Scan the entries for lines with the word "after", then copy those lines.

Start of INPUT RECORDS

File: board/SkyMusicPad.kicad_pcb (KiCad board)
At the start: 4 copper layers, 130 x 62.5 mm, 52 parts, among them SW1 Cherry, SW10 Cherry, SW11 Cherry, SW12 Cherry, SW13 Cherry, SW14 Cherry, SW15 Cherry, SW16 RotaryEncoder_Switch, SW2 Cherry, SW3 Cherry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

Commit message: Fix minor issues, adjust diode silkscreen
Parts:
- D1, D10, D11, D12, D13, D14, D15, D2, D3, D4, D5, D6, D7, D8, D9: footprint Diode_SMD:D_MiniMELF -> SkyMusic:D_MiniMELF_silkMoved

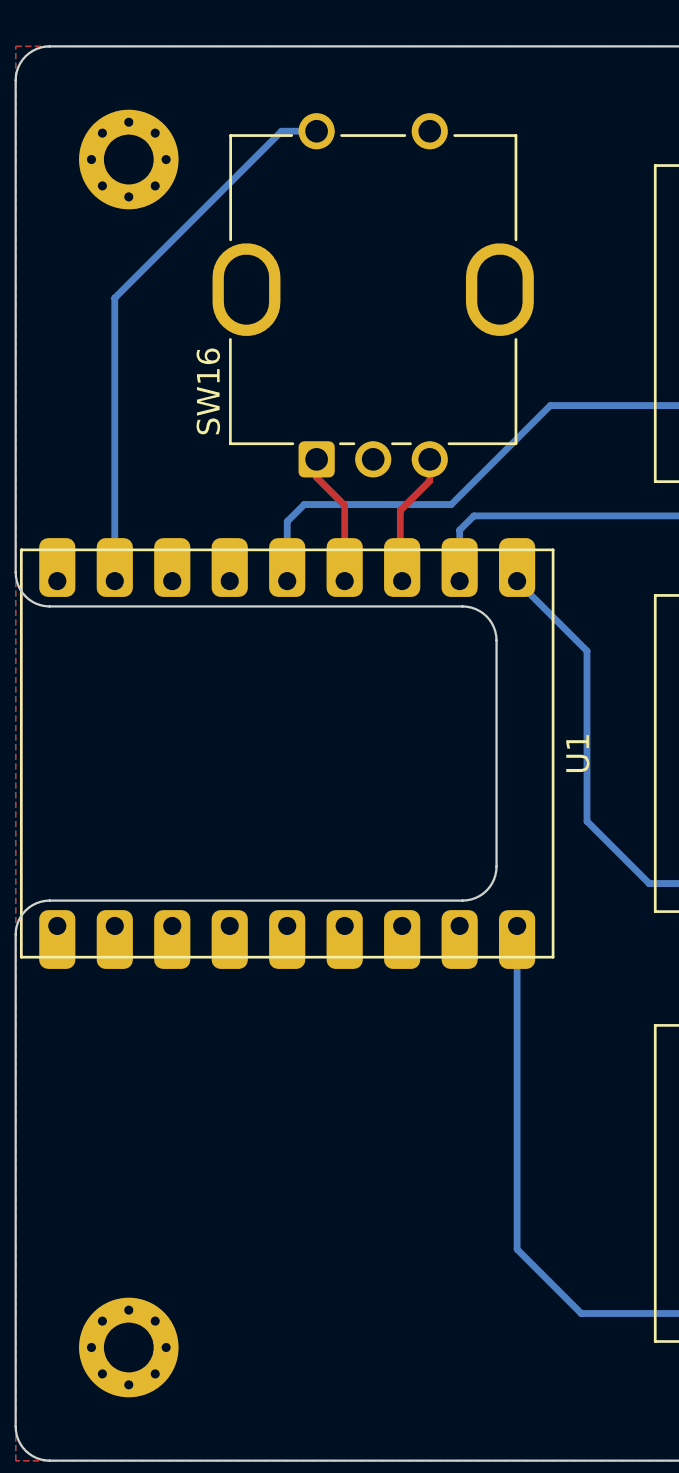
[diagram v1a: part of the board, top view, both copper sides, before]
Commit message: Adjusted LED silk, need to fix encoder
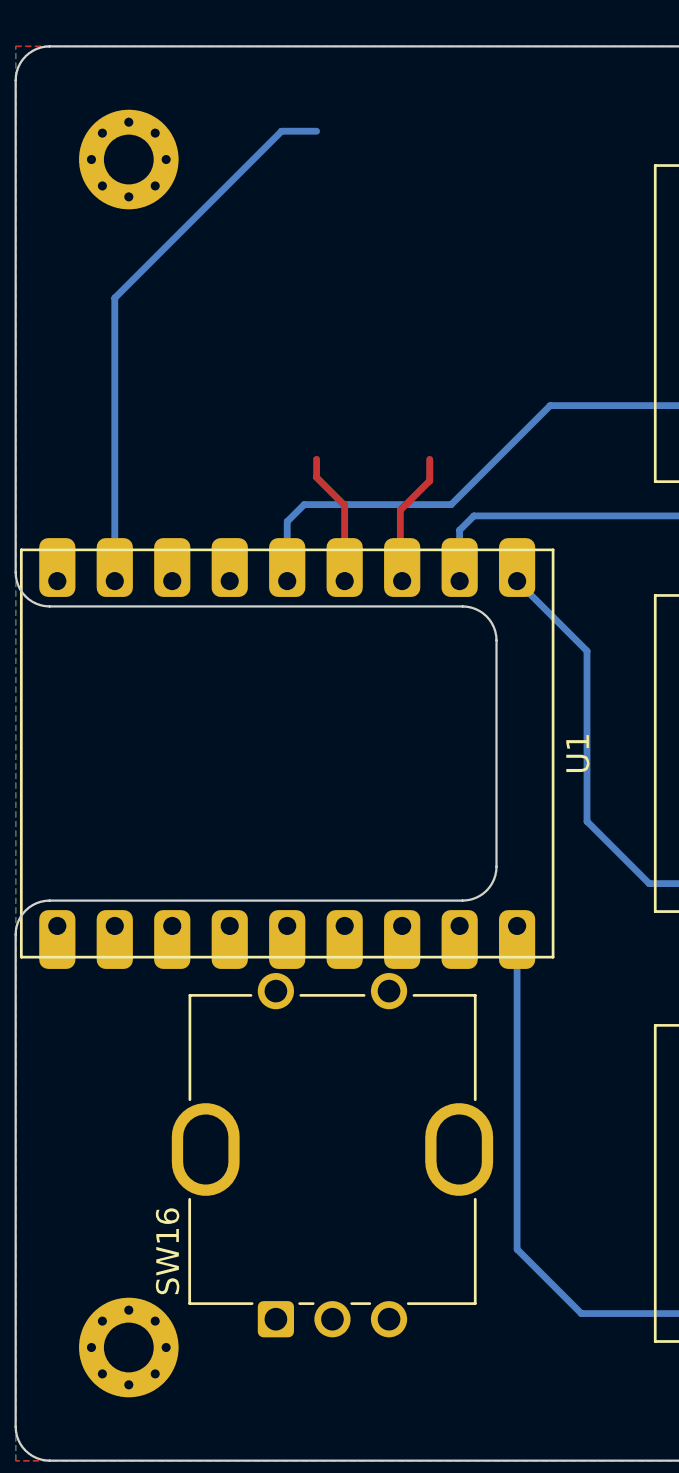
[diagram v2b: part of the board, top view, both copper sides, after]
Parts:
- moved SW16 38.0 mm to (51.2, 80.0)
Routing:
- net Col4: track 177.3 -> 151.8 mm
- net Col3: track 153.4 -> 129.0 mm
- net Col2: track 131.2 -> 107.8 mm
- net Col1: track 109.0 -> 86.8 mm
- net Col0: track 86.2 -> 64.6 mm

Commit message: misc updates
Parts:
- SW16: footprint Rotary_Encoder:RotaryEncoder_Bourns_Vertical_PEC12R-3x17F-Sxxxx -> SkyMusic:RotaryEncoder_Bourns_Vertical_PEC12R-3x17F-Sxxxx
- moved SW16 6.96 mm to (53.8, 73.5), turned to 180 degrees
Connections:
- SW16 pad A: Rot_A -> Rot_B
- SW16 pad B: Rot_B -> Rot_A
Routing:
- net Rot_A: track 5.89 -> 48.4 mm
- net Rot_SW: track 24.5 -> 63.9 mm
- net Rot_B: track 5.95 -> 36.8 mm
- net Col4: track 151.8 -> 178.6 mm
- net Col3: track 129.0 -> 153.4 mm
- net Col2: track 107.8 -> 131.9 mm
- net Col1: track 86.8 -> 108.9 mm
- net Col0: track 64.6 -> 60.8 mm

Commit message: Components placed
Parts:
- removed H4: GND, MountingHole:MountingHole_2.2mm_M2_Pad_Via
- removed REF**: OSHW-Logo2_7.3x6mm_Copper, Symbol:OSHW-Logo2_7.3x6mm_Copper
- added J1: Conn_01x04, SkyMusic:OLED_DFR0648, F.Cu at (83.0, 59.0)
- moved H3 153.5 mm to (195.0, 50.0)
- moved H2 86.7 mm to (195.0, 110.0)
- moved H1 85.1 mm to (70.0, 110.0)
- moved SW15 43.2 mm to (186.2, 99.0)
- moved SW14 43.2 mm to (186.2, 80.0)
- moved SW12 43.2 mm to (167.2, 99.0)
- moved SW13 43.1 mm to (186.2, 61.0)
- moved SW11 43.1 mm to (167.2, 80.0)
- moved SW9 43.1 mm to (148.1, 99.0)
- moved SW10 43.1 mm to (167.2, 61.0)
- moved SW8 43.1 mm to (148.1, 80.0)
- moved SW6 43.1 mm to (129.1, 99.0)
- moved SW7 43.1 mm to (148.1, 61.0)
- moved D30 43.1 mm to (186.2, 103.3)
- moved SW5 43.1 mm to (129.1, 80.0)
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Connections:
- U1 pad 1: unconnected-(U1-TX-Pad1) -> +5V
- U1 pad 10: Row2 -> unconnected-(U1-GP7-Pad10)
- U1 pad 11: Col0 -> Neopixel
- U1 pad 12: Col1 -> Row2
- U1 pad 13: Col2 -> Row1
- U1 pad 14: Col3 -> Row0
- U1 pad 15: Col4 -> SDA
- U1 pad 16: +3.3V -> SCL
- U1 pad 17: GND -> unconnected-(U1-RX-Pad17)
- U1 pad 18: +5V -> unconnected-(U1-TX-Pad18)
- U1 pad 2: Rot_SW -> GND
- U1 pad 3: SDA -> +3.3V
- U1 pad 4: SCL -> Col4
- U1 pad 5: Neopixel -> Col3
- U1 pad 6: Rot_A -> Col2
- U1 pad 7: Rot_B -> Col1
- U1 pad 8: Row0 -> Col0
- U1 pad 9: Row1 -> unconnected-(U1-GP6-Pad9)
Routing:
- net Col4: track 178.6 -> 0.00 mm
- net Col3: track 153.4 -> 0.00 mm
- net Col2: track 131.9 -> 0.00 mm
- net Row2: track 110.9 -> 0.00 mm, vias 5 -> 0
- net Col1: track 108.9 -> 0.00 mm
- net Row1: track 105.3 -> 0.00 mm, vias 5 -> 0
- net Row0: track 100.6 -> 0.00 mm, vias 5 -> 0
- net Row0_out: track 92.2 -> 0.00 mm, vias 2 -> 0
- net Row1_out: track 91.2 -> 0.00 mm, vias 2 -> 0
- net Rot_SW: track 63.9 -> 0.00 mm
- net Col0: track 60.8 -> 0.00 mm
- net Rot_A: track 48.4 -> 0.00 mm
- net Rot_B: track 36.8 -> 0.00 mm
- net Neopixel: track 25.8 -> 0.00 mm
- net Net-(D29-DOUT): track 15.2 -> 0.00 mm
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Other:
- board size 130 x 62.5 mm -> 135 x 70 mm
- board text removed: "Designed by @voxeltek and @citacritta Assembled by hand in Australia This is an unnofficial community project"

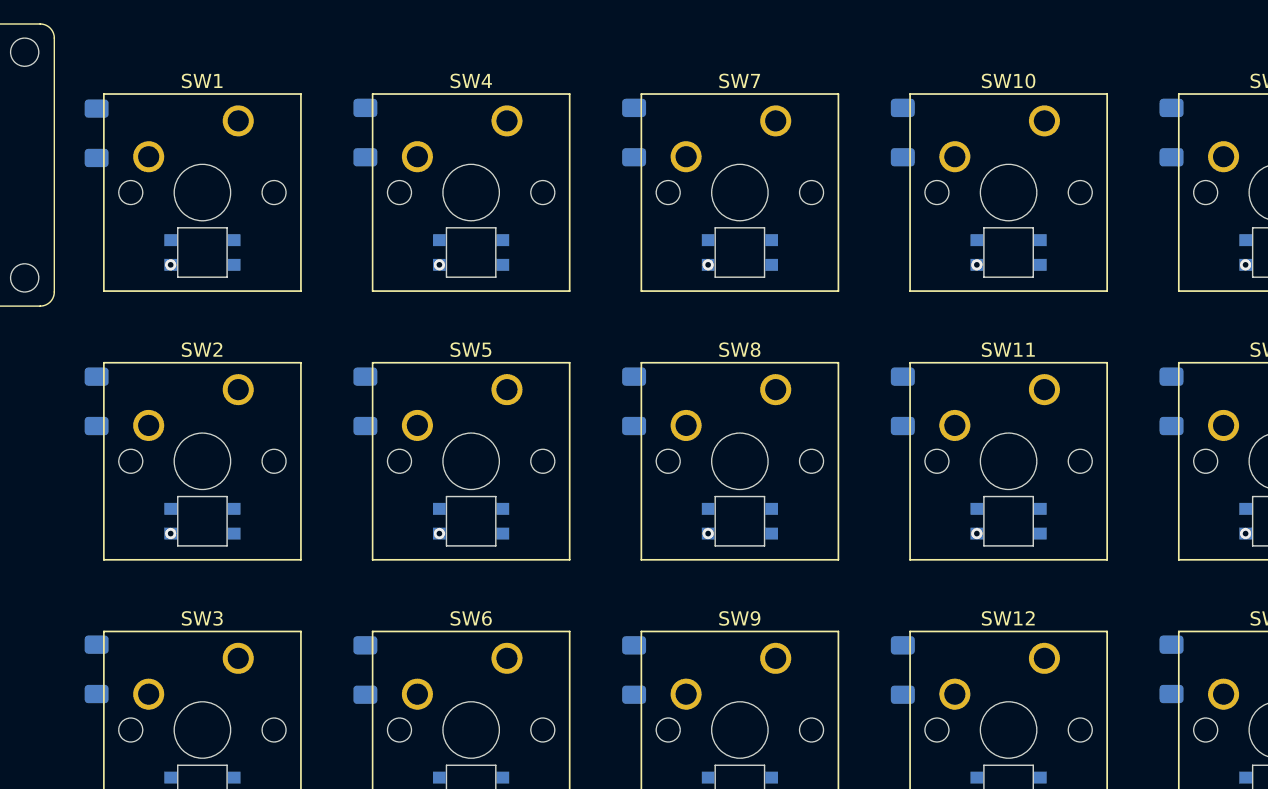
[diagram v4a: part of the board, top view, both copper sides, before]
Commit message: Slight placement adjustments
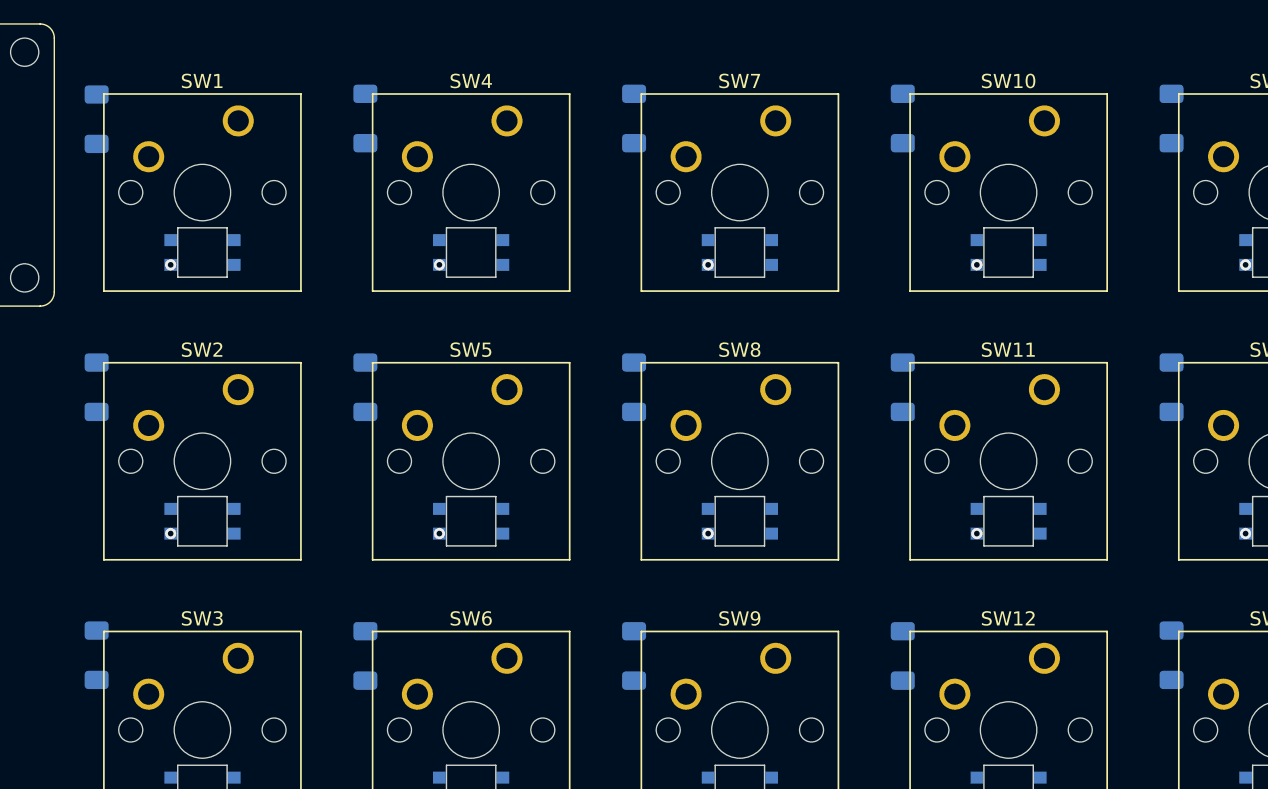
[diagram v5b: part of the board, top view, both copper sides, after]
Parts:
- moved D1 1.00 mm to (102.5, 55.8)
- moved D10 1.00 mm to (159.7, 55.7)
- moved D11 1.00 mm to (159.7, 74.8)
- moved D12 1.00 mm to (159.7, 93.8)
- moved D13 1.00 mm to (178.7, 55.7)
- moved D14 1.00 mm to (178.7, 74.8)
- moved D15 1.00 mm to (178.7, 93.8)
- moved D2 1.00 mm to (102.5, 74.8)
- moved D3 1.00 mm to (102.5, 93.8)
- moved D4 1.00 mm to (121.5, 55.7)
- moved D5 1.00 mm to (121.5, 74.8)
- moved D6 1.00 mm to (121.5, 93.8)
- moved D7 1.00 mm to (140.6, 55.7)
- moved D8 1.00 mm to (140.6, 74.8)
- moved D9 1.00 mm to (140.6, 93.8)
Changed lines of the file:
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@@
 	(footprint "SkyMusic:D_MiniMELF_silkMoved"
 		(layer "B.Cu")
-		(at 140.6 56.7 -90)
+		(at 140.6 55.7 -90)
 		(descr "Diode Mini-MELF (SOD-80)")
 		(tags "Diode Mini-MELF (SOD-80)")
@@
 	(footprint "SkyMusic:D_MiniMELF_silkMoved"
 		(layer "B.Cu")
-		(at 102.5 94.75 -90)
+		(at 102.5 93.75 -90)
 		(descr "Diode Mini-MELF (SOD-80)")
 		(tags "Diode Mini-MELF (SOD-80)")
@@
 	(footprint "SkyMusic:D_MiniMELF_silkMoved"
 		(layer "B.Cu")
-		(at 121.55 75.75 -90)
+		(at 121.55 74.75 -90)
 		(descr "Diode Mini-MELF (SOD-80)")
 		(tags "Diode Mini-MELF (SOD-80)")
@@
 	(footprint "SkyMusic:D_MiniMELF_silkMoved"
 		(layer "B.Cu")
-		(at 178.7 75.75 -90)
+		(at 178.7 74.75 -90)
 		(descr "Diode Mini-MELF (SOD-80)")
 		(tags "Diode Mini-MELF (SOD-80)")
@@
 	(footprint "SkyMusic:D_MiniMELF_silkMoved"
 		(layer "B.Cu")
-		(at 178.7 94.75 -90)
+		(at 178.7 93.75 -90)
 		(descr "Diode Mini-MELF (SOD-80)")
 		(tags "Diode Mini-MELF (SOD-80)")
@@
 	(footprint "SkyMusic:D_MiniMELF_silkMoved"
 		(layer "B.Cu")
-		(at 121.55 56.7 -90)
+		(at 121.55 55.7 -90)
 		(descr "Diode Mini-MELF (SOD-80)")
 		(tags "Diode Mini-MELF (SOD-80)")
@@
 	(footprint "SkyMusic:D_MiniMELF_silkMoved"
 		(layer "B.Cu")
-		(at 159.65 56.7 -90)
+		(at 159.65 55.7 -90)
 		(descr "Diode Mini-MELF (SOD-80)")
 		(tags "Diode Mini-MELF (SOD-80)")
@@
 	(footprint "SkyMusic:D_MiniMELF_silkMoved"
 		(layer "B.Cu")
-		(at 178.7 56.7 -90)
+		(at 178.7 55.7 -90)
 		(descr "Diode Mini-MELF (SOD-80)")
 		(tags "Diode Mini-MELF (SOD-80)")
@@
 	(footprint "SkyMusic:D_MiniMELF_silkMoved"
 		(layer "B.Cu")
-		(at 102.5 75.75 -90)
+		(at 102.5 74.75 -90)
 		(descr "Diode Mini-MELF (SOD-80)")
 		(tags "Diode Mini-MELF (SOD-80)")
@@
 	(footprint "SkyMusic:D_MiniMELF_silkMoved"
 		(layer "B.Cu")
-		(at 140.6 75.75 -90)
+		(at 140.6 74.75 -90)
 		(descr "Diode Mini-MELF (SOD-80)")
 		(tags "Diode Mini-MELF (SOD-80)")
@@
 	(footprint "SkyMusic:D_MiniMELF_silkMoved"
 		(layer "B.Cu")
-		(at 159.65 75.75 -90)
+		(at 159.65 74.75 -90)
 		(descr "Diode Mini-MELF (SOD-80)")
 		(tags "Diode Mini-MELF (SOD-80)")
@@
 	(footprint "SkyMusic:D_MiniMELF_silkMoved"
 		(layer "B.Cu")
-		(at 102.5 56.75 -90)
+		(at 102.5 55.75 -90)
 		(descr "Diode Mini-MELF (SOD-80)")
 		(tags "Diode Mini-MELF (SOD-80)")
@@
 	(footprint "SkyMusic:D_MiniMELF_silkMoved"
 		(layer "B.Cu")
-		(at 140.6 94.8 -90)
+		(at 140.6 93.8 -90)
 		(descr "Diode Mini-MELF (SOD-80)")
 		(tags "Diode Mini-MELF (SOD-80)")
@@
 	(footprint "SkyMusic:D_MiniMELF_silkMoved"
 		(layer "B.Cu")
-		(at 159.65 94.8 -90)
+		(at 159.65 93.8 -90)
 		(descr "Diode Mini-MELF (SOD-80)")
 		(tags "Diode Mini-MELF (SOD-80)")
@@
 	(footprint "SkyMusic:D_MiniMELF_silkMoved"
 		(layer "B.Cu")
-		(at 121.55 94.8 -90)
+		(at 121.55 93.8 -90)
 		(descr "Diode Mini-MELF (SOD-80)")
 		(tags "Diode Mini-MELF (SOD-80)")
@@
 	)
 	(group ""
-		(members "16b4b028-9e51-4dd1-b3e1-b1dd38e565ca" "1978eea1-720a-494c-8d3c-70cddbe3d729"
-			"20054213-4c01-4d4e-8036-8e927ef5249a" "2592fc73-b78c-4348-905e-e52a71ae1b10"
-			"2a480e56-2350-4230-ba34-c0e7b8f6ed58" "536344b1-27b4-4450-82d1-7444ec4bedf6"
-			"53dbeaea-8919-4fea-8a0e-659b4755f966" "66ca874e-4dbd-4534-981c-61c31156ed87"
-			"7c398c85-7832-49d4-a7a7-828dd2988209" "8475f61f-2982-44b0-8377-02f896c06f99"
-			"c36fa7df-0446-43c7-94f2-1ccabdd618df" "c849bea5-11d2-4a9f-9f4d-b40a77c52475"
-			"cb1bfb6f-5c73-4d01-9a59-8bcb1b450801" "dee088e9-0133-413b-abb7-5496bd2b6e24"
-			"e5c75143-e57d-415d-a088-22c8b2cdfbc8" "fd73b79e-89a6-45a1-98ca-10d401f35e1f"
-		)
-	)
-	(group ""
 		(members "1b88897b-b963-4d54-8fef-2f648ed67648" "21df162e-8fbe-4495-990d-cacf4fb4ac4a"
 			"2786c1b2-7b63-4df9-9fb0-831e5beb0036" "475dc76f-1c4f-4120-80df-8099f5c70716"
@@
 		)
 	)
+	(group ""
+		(members "16b4b028-9e51-4dd1-b3e1-b1dd38e565ca" "1978eea1-720a-494c-8d3c-70cddbe3d729"
+			"20054213-4c01-4d4e-8036-8e927ef5249a" "2592fc73-b78c-4348-905e-e52a71ae1b10"
+			"2a480e56-2350-4230-ba34-c0e7b8f6ed58" "536344b1-27b4-4450-82d1-7444ec4bedf6"
+			"53dbeaea-8919-4fea-8a0e-659b4755f966" "7c398c85-7832-49d4-a7a7-828dd2988209"
+			"8475f61f-2982-44b0-8377-02f896c06f99" "c36fa7df-0446-43c7-94f2-1ccabdd618df"
+			"c849bea5-11d2-4a9f-9f4d-b40a77c52475" "cb1bfb6f-5c73-4d01-9a59-8bcb1b450801"
+			"dee088e9-0133-413b-abb7-5496bd2b6e24" "e5c75143-e57d-415d-a088-22c8b2cdfbc8"
+			"fd73b79e-89a6-45a1-98ca-10d401f35e1f"
+		)
+	)

End of INPUT RECORDS

TASK OUTPUT:
[diagram v2b: part of the board, top view, both copper sides, after]
[diagram v5b: part of the board, top view, both copper sides, after]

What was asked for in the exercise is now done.